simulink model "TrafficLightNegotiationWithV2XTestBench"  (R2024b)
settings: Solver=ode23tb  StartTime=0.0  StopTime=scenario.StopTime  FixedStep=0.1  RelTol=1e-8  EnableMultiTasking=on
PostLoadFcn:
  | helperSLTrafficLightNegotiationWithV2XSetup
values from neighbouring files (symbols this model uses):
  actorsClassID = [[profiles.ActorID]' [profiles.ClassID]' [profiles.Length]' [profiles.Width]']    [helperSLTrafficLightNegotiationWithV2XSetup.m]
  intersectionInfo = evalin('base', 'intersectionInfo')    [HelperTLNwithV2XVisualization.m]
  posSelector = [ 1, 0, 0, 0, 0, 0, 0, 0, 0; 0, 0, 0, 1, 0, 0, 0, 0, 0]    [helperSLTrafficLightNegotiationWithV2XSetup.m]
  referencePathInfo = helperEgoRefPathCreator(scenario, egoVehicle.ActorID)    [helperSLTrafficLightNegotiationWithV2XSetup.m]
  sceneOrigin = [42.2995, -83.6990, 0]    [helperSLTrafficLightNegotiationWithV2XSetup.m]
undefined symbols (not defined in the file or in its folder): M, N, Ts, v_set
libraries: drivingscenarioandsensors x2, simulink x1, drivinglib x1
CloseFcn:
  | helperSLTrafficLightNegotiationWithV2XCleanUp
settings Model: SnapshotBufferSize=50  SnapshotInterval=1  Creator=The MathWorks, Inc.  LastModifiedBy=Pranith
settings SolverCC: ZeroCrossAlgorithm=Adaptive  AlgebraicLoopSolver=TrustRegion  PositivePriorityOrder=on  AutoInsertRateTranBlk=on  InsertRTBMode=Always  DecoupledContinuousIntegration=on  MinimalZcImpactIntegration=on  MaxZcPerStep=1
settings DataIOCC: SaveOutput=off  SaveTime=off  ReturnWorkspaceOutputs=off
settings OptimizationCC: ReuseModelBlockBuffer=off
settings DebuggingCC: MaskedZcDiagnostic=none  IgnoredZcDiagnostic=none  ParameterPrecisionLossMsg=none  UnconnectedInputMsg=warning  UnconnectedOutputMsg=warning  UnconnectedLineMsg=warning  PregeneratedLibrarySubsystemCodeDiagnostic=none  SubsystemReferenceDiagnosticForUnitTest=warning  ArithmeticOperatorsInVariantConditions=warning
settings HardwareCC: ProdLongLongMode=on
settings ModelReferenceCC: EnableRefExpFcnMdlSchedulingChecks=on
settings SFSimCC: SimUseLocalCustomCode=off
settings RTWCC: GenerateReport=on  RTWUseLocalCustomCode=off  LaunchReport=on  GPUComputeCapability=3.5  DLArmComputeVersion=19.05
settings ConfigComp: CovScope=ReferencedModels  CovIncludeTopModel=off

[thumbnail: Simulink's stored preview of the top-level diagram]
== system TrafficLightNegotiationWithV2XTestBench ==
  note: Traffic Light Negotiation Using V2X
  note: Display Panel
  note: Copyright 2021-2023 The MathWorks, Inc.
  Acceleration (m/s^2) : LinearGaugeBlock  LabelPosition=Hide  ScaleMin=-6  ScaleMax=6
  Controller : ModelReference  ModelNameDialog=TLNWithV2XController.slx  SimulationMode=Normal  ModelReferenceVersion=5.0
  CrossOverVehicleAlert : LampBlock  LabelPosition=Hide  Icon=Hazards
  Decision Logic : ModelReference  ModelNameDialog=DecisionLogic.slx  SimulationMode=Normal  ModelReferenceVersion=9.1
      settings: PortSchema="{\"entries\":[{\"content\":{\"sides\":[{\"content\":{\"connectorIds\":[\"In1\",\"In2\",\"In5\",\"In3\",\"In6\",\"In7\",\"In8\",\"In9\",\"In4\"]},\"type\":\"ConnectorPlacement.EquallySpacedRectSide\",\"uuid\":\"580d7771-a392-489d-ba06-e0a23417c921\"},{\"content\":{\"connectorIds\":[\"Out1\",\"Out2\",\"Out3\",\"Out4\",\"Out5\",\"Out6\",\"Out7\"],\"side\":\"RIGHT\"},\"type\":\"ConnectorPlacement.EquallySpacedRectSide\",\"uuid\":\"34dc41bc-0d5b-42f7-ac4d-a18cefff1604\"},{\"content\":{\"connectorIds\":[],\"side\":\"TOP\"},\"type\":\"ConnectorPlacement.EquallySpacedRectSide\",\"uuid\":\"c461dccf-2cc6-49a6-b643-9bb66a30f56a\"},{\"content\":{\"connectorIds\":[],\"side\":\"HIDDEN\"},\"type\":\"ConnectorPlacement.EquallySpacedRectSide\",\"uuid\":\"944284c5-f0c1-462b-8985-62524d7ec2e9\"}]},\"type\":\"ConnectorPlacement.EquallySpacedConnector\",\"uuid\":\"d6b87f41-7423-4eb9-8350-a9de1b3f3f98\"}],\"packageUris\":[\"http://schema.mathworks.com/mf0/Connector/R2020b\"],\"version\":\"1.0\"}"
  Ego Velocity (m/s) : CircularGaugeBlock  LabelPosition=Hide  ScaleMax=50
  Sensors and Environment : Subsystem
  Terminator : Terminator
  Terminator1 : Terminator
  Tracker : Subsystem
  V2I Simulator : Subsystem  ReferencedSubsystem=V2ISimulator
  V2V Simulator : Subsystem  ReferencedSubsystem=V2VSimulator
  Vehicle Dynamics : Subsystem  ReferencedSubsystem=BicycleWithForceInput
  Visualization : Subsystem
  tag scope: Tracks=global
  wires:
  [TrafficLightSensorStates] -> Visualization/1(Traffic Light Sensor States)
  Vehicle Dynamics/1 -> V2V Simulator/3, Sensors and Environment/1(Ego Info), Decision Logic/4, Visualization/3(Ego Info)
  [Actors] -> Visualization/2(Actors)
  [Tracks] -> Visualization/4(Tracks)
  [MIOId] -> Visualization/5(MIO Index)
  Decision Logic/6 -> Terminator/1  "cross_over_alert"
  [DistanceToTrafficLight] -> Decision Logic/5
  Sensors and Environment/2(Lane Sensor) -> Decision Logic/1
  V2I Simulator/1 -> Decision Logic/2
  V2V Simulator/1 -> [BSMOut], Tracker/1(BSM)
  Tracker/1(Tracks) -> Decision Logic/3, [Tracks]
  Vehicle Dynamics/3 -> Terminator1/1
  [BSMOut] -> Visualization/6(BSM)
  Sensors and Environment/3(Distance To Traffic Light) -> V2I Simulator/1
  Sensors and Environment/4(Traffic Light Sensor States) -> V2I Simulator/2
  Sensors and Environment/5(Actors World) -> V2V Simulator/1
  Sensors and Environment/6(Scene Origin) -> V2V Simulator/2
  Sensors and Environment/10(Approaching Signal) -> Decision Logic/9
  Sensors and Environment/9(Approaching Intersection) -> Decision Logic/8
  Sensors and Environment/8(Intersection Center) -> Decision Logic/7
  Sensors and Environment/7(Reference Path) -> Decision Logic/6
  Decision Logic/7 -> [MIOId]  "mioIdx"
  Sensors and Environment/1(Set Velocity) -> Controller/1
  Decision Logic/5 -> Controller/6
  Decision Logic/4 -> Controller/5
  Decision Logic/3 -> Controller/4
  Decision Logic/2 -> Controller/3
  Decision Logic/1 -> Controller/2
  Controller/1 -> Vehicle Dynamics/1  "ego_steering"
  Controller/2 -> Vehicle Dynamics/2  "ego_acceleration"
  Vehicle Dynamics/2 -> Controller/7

_ _ _ _ _ _ _

■ Prompt ■
Give all the records again. Match them exactly.

■ Written reply ■
simulink model "TrafficLightNegotiationWithV2XTestBench"  (R2024b)
settings: Solver=ode23tb  StartTime=0.0  StopTime=scenario.StopTime  FixedStep=0.1  RelTol=1e-8  EnableMultiTasking=on
PostLoadFcn:
  | helperSLTrafficLightNegotiationWithV2XSetup
values from neighbouring files (symbols this model uses):
  actorsClassID = [[profiles.ActorID]' [profiles.ClassID]' [profiles.Length]' [profiles.Width]']    [helperSLTrafficLightNegotiationWithV2XSetup.m]
  intersectionInfo = evalin('base', 'intersectionInfo')    [HelperTLNwithV2XVisualization.m]
  posSelector = [ 1, 0, 0, 0, 0, 0, 0, 0, 0; 0, 0, 0, 1, 0, 0, 0, 0, 0]    [helperSLTrafficLightNegotiationWithV2XSetup.m]
  referencePathInfo = helperEgoRefPathCreator(scenario, egoVehicle.ActorID)    [helperSLTrafficLightNegotiationWithV2XSetup.m]
  sceneOrigin = [42.2995, -83.6990, 0]    [helperSLTrafficLightNegotiationWithV2XSetup.m]
undefined symbols (not defined in the file or in its folder): M, N, Ts, v_set
libraries: drivingscenarioandsensors x2, simulink x1, drivinglib x1
CloseFcn:
  | helperSLTrafficLightNegotiationWithV2XCleanUp
settings Model: SnapshotBufferSize=50  SnapshotInterval=1  Creator=The MathWorks, Inc.  LastModifiedBy=Pranith
settings SolverCC: ZeroCrossAlgorithm=Adaptive  AlgebraicLoopSolver=TrustRegion  PositivePriorityOrder=on  AutoInsertRateTranBlk=on  InsertRTBMode=Always  DecoupledContinuousIntegration=on  MinimalZcImpactIntegration=on  MaxZcPerStep=1
settings DataIOCC: SaveOutput=off  SaveTime=off  ReturnWorkspaceOutputs=off
settings OptimizationCC: ReuseModelBlockBuffer=off
settings DebuggingCC: MaskedZcDiagnostic=none  IgnoredZcDiagnostic=none  ParameterPrecisionLossMsg=none  UnconnectedInputMsg=warning  UnconnectedOutputMsg=warning  UnconnectedLineMsg=warning  PregeneratedLibrarySubsystemCodeDiagnostic=none  SubsystemReferenceDiagnosticForUnitTest=warning  ArithmeticOperatorsInVariantConditions=warning
settings HardwareCC: ProdLongLongMode=on
settings ModelReferenceCC: EnableRefExpFcnMdlSchedulingChecks=on
settings SFSimCC: SimUseLocalCustomCode=off
settings RTWCC: GenerateReport=on  RTWUseLocalCustomCode=off  LaunchReport=on  GPUComputeCapability=3.5  DLArmComputeVersion=19.05
settings ConfigComp: CovScope=ReferencedModels  CovIncludeTopModel=off

[thumbnail: Simulink's stored preview of the top-level diagram]
== system TrafficLightNegotiationWithV2XTestBench ==
  note: Traffic Light Negotiation Using V2X
  note: Display Panel
  note: Copyright 2021-2023 The MathWorks, Inc.
  Acceleration (m/s^2) : LinearGaugeBlock  LabelPosition=Hide  ScaleMin=-6  ScaleMax=6
  Controller : ModelReference  ModelNameDialog=TLNWithV2XController.slx  SimulationMode=Normal  ModelReferenceVersion=5.0
  CrossOverVehicleAlert : LampBlock  LabelPosition=Hide  Icon=Hazards
  Decision Logic : ModelReference  ModelNameDialog=DecisionLogic.slx  SimulationMode=Normal  ModelReferenceVersion=9.1
      settings: PortSchema="{\"entries\":[{\"content\":{\"sides\":[{\"content\":{\"connectorIds\":[\"In1\",\"In2\",\"In5\",\"In3\",\"In6\",\"In7\",\"In8\",\"In9\",\"In4\"]},\"type\":\"ConnectorPlacement.EquallySpacedRectSide\",\"uuid\":\"580d7771-a392-489d-ba06-e0a23417c921\"},{\"content\":{\"connectorIds\":[\"Out1\",\"Out2\",\"Out3\",\"Out4\",\"Out5\",\"Out6\",\"Out7\"],\"side\":\"RIGHT\"},\"type\":\"ConnectorPlacement.EquallySpacedRectSide\",\"uuid\":\"34dc41bc-0d5b-42f7-ac4d-a18cefff1604\"},{\"content\":{\"connectorIds\":[],\"side\":\"TOP\"},\"type\":\"ConnectorPlacement.EquallySpacedRectSide\",\"uuid\":\"c461dccf-2cc6-49a6-b643-9bb66a30f56a\"},{\"content\":{\"connectorIds\":[],\"side\":\"HIDDEN\"},\"type\":\"ConnectorPlacement.EquallySpacedRectSide\",\"uuid\":\"944284c5-f0c1-462b-8985-62524d7ec2e9\"}]},\"type\":\"ConnectorPlacement.EquallySpacedConnector\",\"uuid\":\"d6b87f41-7423-4eb9-8350-a9de1b3f3f98\"}],\"packageUris\":[\"http://schema.mathworks.com/mf0/Connector/R2020b\"],\"version\":\"1.0\"}"
  Ego Velocity (m/s) : CircularGaugeBlock  LabelPosition=Hide  ScaleMax=50
  Sensors and Environment : Subsystem
  Terminator : Terminator
  Terminator1 : Terminator
  Tracker : Subsystem
  V2I Simulator : Subsystem  ReferencedSubsystem=V2ISimulator
  V2V Simulator : Subsystem  ReferencedSubsystem=V2VSimulator
  Vehicle Dynamics : Subsystem  ReferencedSubsystem=BicycleWithForceInput
  Visualization : Subsystem
  tag scope: Tracks=global
  wires:
  [TrafficLightSensorStates] -> Visualization/1(Traffic Light Sensor States)
  Vehicle Dynamics/1 -> V2V Simulator/3, Sensors and Environment/1(Ego Info), Decision Logic/4, Visualization/3(Ego Info)
  [Actors] -> Visualization/2(Actors)
  [Tracks] -> Visualization/4(Tracks)
  [MIOId] -> Visualization/5(MIO Index)
  Decision Logic/6 -> Terminator/1  "cross_over_alert"
  [DistanceToTrafficLight] -> Decision Logic/5
  Sensors and Environment/2(Lane Sensor) -> Decision Logic/1
  V2I Simulator/1 -> Decision Logic/2
  V2V Simulator/1 -> [BSMOut], Tracker/1(BSM)
  Tracker/1(Tracks) -> Decision Logic/3, [Tracks]
  Vehicle Dynamics/3 -> Terminator1/1
  [BSMOut] -> Visualization/6(BSM)
  Sensors and Environment/3(Distance To Traffic Light) -> V2I Simulator/1
  Sensors and Environment/4(Traffic Light Sensor States) -> V2I Simulator/2
  Sensors and Environment/5(Actors World) -> V2V Simulator/1
  Sensors and Environment/6(Scene Origin) -> V2V Simulator/2
  Sensors and Environment/10(Approaching Signal) -> Decision Logic/9
  Sensors and Environment/9(Approaching Intersection) -> Decision Logic/8
  Sensors and Environment/8(Intersection Center) -> Decision Logic/7
  Sensors and Environment/7(Reference Path) -> Decision Logic/6
  Decision Logic/7 -> [MIOId]  "mioIdx"
  Sensors and Environment/1(Set Velocity) -> Controller/1
  Decision Logic/5 -> Controller/6
  Decision Logic/4 -> Controller/5
  Decision Logic/3 -> Controller/4
  Decision Logic/2 -> Controller/3
  Decision Logic/1 -> Controller/2
  Controller/1 -> Vehicle Dynamics/1  "ego_steering"
  Controller/2 -> Vehicle Dynamics/2  "ego_acceleration"
  Vehicle Dynamics/2 -> Controller/7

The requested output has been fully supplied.